Exercise instructions
Take the lines below beginning at the line that has "from ezdxf import colors" and stopping after the line that has "doc.units = ezdxf.units.MM", and print them exactly as they are, with no other lines.

Information
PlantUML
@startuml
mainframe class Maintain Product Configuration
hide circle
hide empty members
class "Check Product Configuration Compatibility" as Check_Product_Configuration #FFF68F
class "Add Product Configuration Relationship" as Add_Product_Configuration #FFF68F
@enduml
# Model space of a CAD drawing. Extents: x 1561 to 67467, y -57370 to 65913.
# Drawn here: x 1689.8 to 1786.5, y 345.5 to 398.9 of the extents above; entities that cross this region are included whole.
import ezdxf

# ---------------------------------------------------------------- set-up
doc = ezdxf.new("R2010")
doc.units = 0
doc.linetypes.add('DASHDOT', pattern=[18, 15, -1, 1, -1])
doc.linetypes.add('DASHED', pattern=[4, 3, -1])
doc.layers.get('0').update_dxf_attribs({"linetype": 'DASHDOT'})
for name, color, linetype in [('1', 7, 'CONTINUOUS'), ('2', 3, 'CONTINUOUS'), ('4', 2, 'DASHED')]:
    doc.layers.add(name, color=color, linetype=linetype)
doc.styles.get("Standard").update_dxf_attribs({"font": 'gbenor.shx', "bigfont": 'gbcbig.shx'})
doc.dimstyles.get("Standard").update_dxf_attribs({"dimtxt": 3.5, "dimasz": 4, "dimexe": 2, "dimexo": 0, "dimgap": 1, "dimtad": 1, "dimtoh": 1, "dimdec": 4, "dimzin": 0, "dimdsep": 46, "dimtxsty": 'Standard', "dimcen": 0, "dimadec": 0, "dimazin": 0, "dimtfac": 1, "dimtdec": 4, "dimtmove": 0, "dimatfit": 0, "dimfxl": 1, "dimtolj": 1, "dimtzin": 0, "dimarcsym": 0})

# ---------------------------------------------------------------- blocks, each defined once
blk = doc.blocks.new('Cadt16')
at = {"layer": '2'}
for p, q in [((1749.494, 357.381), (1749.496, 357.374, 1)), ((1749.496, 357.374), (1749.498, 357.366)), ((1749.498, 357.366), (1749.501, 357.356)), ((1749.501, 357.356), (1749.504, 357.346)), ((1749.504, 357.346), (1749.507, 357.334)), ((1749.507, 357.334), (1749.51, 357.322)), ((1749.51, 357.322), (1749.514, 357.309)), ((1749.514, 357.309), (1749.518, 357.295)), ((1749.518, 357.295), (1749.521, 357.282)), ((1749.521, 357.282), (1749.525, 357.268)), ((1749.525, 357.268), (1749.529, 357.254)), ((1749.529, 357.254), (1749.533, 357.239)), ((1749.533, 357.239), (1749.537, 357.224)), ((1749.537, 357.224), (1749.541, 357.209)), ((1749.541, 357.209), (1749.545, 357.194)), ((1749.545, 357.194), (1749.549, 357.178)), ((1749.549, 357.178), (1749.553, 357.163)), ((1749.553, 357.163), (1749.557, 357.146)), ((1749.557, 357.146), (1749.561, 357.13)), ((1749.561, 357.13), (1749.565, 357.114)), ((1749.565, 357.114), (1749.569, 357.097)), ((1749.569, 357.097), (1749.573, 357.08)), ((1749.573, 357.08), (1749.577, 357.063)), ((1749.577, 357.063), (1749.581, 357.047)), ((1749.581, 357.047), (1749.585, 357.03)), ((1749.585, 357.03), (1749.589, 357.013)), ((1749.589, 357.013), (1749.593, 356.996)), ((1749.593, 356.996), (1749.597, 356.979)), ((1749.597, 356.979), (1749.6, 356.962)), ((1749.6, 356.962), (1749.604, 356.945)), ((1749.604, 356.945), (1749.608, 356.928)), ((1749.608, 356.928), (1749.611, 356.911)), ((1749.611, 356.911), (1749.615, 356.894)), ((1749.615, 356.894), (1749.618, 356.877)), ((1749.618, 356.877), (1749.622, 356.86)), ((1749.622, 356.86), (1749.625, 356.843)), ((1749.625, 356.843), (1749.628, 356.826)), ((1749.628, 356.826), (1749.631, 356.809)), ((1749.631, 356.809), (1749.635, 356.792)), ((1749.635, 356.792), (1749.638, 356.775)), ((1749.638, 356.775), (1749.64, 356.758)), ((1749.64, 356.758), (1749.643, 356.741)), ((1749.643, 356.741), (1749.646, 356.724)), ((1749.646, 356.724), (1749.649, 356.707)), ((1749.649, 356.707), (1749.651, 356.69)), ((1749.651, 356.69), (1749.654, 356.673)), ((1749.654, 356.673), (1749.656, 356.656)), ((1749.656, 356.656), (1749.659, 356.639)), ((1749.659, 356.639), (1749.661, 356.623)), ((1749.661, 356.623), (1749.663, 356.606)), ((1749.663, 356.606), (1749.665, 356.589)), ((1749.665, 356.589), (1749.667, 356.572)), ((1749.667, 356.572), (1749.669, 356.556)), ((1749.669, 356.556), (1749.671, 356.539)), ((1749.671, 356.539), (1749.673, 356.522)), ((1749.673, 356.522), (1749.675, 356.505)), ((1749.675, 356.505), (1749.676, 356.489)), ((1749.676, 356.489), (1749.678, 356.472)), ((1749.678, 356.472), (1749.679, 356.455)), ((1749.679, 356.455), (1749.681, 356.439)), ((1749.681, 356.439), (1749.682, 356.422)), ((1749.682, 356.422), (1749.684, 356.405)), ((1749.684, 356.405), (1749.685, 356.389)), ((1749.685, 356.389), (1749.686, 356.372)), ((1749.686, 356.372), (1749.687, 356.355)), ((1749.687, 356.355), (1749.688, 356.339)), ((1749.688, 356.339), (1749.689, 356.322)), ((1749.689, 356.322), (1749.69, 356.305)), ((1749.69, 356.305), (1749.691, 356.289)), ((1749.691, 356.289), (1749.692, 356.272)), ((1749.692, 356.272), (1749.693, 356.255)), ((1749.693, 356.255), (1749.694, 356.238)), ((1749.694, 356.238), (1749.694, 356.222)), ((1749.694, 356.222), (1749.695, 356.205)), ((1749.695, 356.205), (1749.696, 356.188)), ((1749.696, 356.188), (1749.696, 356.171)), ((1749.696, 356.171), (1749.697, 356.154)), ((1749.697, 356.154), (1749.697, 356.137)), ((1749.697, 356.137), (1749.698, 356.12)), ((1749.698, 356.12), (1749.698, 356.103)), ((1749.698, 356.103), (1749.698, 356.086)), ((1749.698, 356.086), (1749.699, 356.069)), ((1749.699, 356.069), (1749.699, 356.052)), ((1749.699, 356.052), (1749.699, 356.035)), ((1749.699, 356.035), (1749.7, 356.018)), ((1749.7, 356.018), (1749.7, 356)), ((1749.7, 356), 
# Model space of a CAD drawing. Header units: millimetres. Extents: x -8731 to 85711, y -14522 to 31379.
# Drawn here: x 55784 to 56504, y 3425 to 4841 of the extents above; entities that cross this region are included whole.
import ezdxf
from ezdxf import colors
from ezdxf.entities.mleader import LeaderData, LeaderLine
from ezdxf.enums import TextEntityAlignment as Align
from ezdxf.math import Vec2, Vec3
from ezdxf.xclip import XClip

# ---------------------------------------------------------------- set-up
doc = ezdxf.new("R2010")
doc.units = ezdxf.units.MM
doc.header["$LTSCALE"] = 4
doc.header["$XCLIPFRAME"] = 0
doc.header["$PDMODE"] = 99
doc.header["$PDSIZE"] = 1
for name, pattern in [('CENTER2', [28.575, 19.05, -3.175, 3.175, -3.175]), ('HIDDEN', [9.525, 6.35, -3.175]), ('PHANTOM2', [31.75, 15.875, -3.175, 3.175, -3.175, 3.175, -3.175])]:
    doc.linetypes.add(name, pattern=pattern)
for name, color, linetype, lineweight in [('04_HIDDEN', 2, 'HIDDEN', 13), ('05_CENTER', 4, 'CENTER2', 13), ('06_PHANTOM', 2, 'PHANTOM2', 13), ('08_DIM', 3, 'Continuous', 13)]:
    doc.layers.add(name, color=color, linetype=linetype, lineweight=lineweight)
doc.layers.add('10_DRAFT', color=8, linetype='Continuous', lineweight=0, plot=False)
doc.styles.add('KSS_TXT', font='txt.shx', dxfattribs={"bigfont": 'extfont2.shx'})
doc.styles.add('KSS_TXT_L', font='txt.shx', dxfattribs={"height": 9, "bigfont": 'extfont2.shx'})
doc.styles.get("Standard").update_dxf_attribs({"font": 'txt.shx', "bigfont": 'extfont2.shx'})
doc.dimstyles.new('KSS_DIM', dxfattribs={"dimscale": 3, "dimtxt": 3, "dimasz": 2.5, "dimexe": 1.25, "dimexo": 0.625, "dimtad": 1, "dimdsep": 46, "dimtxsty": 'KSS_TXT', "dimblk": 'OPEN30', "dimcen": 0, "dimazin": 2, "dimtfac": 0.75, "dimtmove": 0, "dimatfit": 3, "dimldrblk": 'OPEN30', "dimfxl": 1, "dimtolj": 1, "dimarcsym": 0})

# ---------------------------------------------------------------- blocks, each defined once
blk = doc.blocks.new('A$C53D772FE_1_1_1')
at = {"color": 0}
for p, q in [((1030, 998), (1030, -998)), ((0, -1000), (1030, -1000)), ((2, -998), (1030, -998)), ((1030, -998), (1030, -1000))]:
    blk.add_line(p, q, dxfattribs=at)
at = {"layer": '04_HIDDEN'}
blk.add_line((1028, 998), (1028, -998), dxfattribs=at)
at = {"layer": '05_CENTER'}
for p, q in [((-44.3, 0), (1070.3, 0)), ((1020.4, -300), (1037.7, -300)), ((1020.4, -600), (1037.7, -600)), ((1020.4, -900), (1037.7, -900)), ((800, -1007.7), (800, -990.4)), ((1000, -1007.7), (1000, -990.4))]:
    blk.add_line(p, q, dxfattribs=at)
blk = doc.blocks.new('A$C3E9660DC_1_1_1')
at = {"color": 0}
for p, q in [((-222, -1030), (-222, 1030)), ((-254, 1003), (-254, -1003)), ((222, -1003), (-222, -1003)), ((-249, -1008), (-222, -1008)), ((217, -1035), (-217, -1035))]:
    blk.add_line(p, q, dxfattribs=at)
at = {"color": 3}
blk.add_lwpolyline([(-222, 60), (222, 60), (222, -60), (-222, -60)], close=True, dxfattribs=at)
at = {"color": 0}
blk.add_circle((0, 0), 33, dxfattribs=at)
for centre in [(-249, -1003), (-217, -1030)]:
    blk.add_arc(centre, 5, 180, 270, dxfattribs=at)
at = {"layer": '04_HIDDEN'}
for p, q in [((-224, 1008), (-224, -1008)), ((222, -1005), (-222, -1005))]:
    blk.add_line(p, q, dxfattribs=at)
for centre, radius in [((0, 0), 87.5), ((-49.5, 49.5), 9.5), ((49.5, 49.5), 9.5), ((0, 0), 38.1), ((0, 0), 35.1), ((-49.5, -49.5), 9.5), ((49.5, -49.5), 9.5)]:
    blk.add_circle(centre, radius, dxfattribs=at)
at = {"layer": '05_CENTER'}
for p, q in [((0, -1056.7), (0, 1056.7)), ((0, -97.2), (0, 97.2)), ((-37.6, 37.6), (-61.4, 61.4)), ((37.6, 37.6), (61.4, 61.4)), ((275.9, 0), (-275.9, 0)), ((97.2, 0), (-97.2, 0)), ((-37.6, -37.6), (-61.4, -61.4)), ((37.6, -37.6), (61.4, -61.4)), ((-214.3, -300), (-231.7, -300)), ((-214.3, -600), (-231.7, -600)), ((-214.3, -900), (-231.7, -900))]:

Exercise result
from ezdxf import colors
from ezdxf.entities.mleader import LeaderData, LeaderLine
from ezdxf.enums import TextEntityAlignment as Align
from ezdxf.math import Vec2, Vec3
from ezdxf.xclip import XClip

# ---------------------------------------------------------------- set-up
doc = ezdxf.new("R2010")
doc.units = ezdxf.units.MM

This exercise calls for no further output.